Two knights on horseback start from rest 88.0 m apart and ride directly toward each other to do battle. Sir George's acceleration has a magnitude of .300 m/s^2, while Sir Alfred's has a magnitude of .200 m/s^2. Relative to sir Ggeorge's starting point, where do the knights collide?
The sum of the distances is 88m.
They collide at time t.
d=1/2 .300*t^2
88-d=1/2 .200 t^2
divide the second equation by the first will lead to this
88-d=d(2/3) solve for d
thanks
To find the location where the knights collide, we need to determine the time it takes for them to meet and then use that time to calculate their respective distances traveled.

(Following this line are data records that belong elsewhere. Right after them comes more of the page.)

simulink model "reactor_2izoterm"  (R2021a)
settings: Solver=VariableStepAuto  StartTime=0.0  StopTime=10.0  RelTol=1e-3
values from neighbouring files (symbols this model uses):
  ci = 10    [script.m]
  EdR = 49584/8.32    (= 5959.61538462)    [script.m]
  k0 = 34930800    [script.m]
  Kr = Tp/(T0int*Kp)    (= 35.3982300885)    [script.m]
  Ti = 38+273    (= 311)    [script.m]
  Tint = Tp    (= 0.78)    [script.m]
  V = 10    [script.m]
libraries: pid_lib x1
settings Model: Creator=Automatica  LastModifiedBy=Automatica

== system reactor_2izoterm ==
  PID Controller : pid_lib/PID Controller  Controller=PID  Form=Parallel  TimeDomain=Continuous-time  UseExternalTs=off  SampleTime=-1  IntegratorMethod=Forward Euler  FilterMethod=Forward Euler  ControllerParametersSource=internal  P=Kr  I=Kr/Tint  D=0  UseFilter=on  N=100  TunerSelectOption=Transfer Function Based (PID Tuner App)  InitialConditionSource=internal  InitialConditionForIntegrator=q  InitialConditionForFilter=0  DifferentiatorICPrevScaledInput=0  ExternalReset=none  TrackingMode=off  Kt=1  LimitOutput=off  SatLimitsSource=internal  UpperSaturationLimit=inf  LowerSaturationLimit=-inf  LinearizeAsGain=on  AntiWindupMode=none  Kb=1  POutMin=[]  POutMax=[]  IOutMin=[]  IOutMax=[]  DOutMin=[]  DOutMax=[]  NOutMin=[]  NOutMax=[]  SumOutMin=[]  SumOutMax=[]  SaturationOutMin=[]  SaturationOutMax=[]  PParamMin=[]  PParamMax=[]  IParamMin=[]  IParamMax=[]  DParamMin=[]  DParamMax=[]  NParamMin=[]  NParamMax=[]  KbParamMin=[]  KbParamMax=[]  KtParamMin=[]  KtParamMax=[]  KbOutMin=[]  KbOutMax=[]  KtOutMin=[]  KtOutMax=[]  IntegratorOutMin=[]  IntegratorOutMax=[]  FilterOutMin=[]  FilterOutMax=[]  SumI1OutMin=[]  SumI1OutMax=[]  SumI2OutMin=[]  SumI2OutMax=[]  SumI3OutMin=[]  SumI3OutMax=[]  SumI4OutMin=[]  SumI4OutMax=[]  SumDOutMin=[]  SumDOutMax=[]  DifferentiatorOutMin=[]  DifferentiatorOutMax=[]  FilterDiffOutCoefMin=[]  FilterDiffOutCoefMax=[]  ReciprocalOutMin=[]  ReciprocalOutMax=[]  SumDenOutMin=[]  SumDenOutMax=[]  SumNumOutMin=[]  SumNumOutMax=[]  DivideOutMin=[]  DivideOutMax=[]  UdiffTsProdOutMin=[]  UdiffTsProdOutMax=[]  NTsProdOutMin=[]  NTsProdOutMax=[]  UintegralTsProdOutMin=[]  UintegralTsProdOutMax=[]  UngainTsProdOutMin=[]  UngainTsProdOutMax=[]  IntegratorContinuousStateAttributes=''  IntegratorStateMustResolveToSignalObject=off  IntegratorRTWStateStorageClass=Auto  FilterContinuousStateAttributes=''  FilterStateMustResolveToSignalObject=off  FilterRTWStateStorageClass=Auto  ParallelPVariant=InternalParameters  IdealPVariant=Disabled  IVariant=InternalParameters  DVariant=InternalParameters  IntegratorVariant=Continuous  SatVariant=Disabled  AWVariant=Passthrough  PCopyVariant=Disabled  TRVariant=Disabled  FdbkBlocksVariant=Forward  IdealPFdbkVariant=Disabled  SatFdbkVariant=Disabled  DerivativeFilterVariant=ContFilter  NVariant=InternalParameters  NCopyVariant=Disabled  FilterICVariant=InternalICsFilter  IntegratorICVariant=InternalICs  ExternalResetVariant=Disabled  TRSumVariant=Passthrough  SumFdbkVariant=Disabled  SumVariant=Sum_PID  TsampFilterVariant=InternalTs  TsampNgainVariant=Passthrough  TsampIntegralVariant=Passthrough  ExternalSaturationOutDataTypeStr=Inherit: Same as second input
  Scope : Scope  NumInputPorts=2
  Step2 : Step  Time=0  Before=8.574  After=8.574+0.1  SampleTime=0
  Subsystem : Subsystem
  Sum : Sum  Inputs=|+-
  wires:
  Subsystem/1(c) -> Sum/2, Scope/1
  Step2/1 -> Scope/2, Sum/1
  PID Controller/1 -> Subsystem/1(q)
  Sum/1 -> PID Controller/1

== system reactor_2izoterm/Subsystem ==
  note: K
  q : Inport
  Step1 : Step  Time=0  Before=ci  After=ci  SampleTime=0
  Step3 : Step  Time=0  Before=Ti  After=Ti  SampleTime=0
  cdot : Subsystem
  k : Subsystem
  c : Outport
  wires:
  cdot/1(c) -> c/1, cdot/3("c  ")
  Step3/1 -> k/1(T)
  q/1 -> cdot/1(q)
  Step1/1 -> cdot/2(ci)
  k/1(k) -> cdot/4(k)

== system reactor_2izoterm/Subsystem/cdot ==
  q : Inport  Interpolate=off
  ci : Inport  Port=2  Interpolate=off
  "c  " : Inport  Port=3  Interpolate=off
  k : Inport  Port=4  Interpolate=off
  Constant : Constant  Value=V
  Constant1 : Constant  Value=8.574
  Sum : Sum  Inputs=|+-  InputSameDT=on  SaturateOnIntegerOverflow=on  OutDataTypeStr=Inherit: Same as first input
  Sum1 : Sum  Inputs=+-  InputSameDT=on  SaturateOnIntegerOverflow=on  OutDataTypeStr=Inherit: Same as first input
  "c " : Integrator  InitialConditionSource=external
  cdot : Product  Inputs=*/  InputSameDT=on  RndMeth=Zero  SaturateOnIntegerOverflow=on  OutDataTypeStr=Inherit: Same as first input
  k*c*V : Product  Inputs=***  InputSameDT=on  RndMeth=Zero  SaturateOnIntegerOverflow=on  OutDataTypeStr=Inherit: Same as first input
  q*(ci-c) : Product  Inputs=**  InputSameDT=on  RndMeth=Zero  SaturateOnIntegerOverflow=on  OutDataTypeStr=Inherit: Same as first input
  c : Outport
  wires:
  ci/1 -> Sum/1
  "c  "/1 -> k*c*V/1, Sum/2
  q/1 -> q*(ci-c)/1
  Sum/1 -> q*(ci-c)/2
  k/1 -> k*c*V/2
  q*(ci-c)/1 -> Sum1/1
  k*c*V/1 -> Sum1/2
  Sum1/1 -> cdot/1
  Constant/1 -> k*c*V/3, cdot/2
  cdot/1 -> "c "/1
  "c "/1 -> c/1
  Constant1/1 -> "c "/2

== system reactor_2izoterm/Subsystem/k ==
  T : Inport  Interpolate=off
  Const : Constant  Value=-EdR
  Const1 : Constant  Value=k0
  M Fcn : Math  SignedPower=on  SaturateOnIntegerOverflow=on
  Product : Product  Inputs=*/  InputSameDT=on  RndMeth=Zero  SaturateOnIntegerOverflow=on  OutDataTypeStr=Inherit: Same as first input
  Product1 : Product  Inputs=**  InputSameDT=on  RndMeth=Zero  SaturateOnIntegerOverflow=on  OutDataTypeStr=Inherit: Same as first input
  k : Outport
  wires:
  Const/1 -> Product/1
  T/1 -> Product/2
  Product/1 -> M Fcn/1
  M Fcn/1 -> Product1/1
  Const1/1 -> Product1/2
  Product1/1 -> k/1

Let's start by finding the time it takes for the knights to collide. We can use the equation:
\[ d = v_0 t + \frac{1}{2} a t^2 \]
Since both knights start from rest, \(v_0\) (initial velocity) for both of them is zero. Thus, the equation simplifies to:
\[ d = \frac{1}{2} a t^2 \]
For Sir George, with an acceleration of \(0.300 \, \text{m/s}^2\), the distance traveled is the starting point \(88.0 \, \text{meters}\). Plugging in the values:
\[ 88.0 = \frac{1}{2} \times 0.300 \, t^2 \]
Now let's solve for \(t\):
\[ t^2 = \frac{2 \times 88.0}{0.300} \]
\[ t^2 \approx 586.67 \]
\[ t \approx \sqrt{586.67} \]
\[ t \approx 24.00 \, \text{seconds} \]
Now that we know the time it takes for them to collide, we can calculate the distance traveled by Sir Alfred:
\[ \text{distance traveled by Sir Alfred} = v_0 \times t + \frac{1}{2} a \times t^2 \]
Since Sir Alfred also starts from rest, his initial velocity is zero. Plugging in the values:
\[ \text{distance traveled by Sir Alfred} = \frac{1}{2} \times 0.200 \times (24.00)^2 \]
\[ \text{distance traveled by Sir Alfred} \approx 115.20 \, \text{meters} \]
Finally, we can find the location of the collision relative to Sir George's starting point:
\[ \text{collision location} = 88.0 - \text{distance traveled by Sir Alfred} \]
\[ \text{collision location} = 88.0 - 115.20 \]
\[ \text{collision location} \approx -27.20 \, \text{meters} \]
Therefore, relative to Sir George's starting point, the knights collide approximately 27.20 meters before Sir George's position.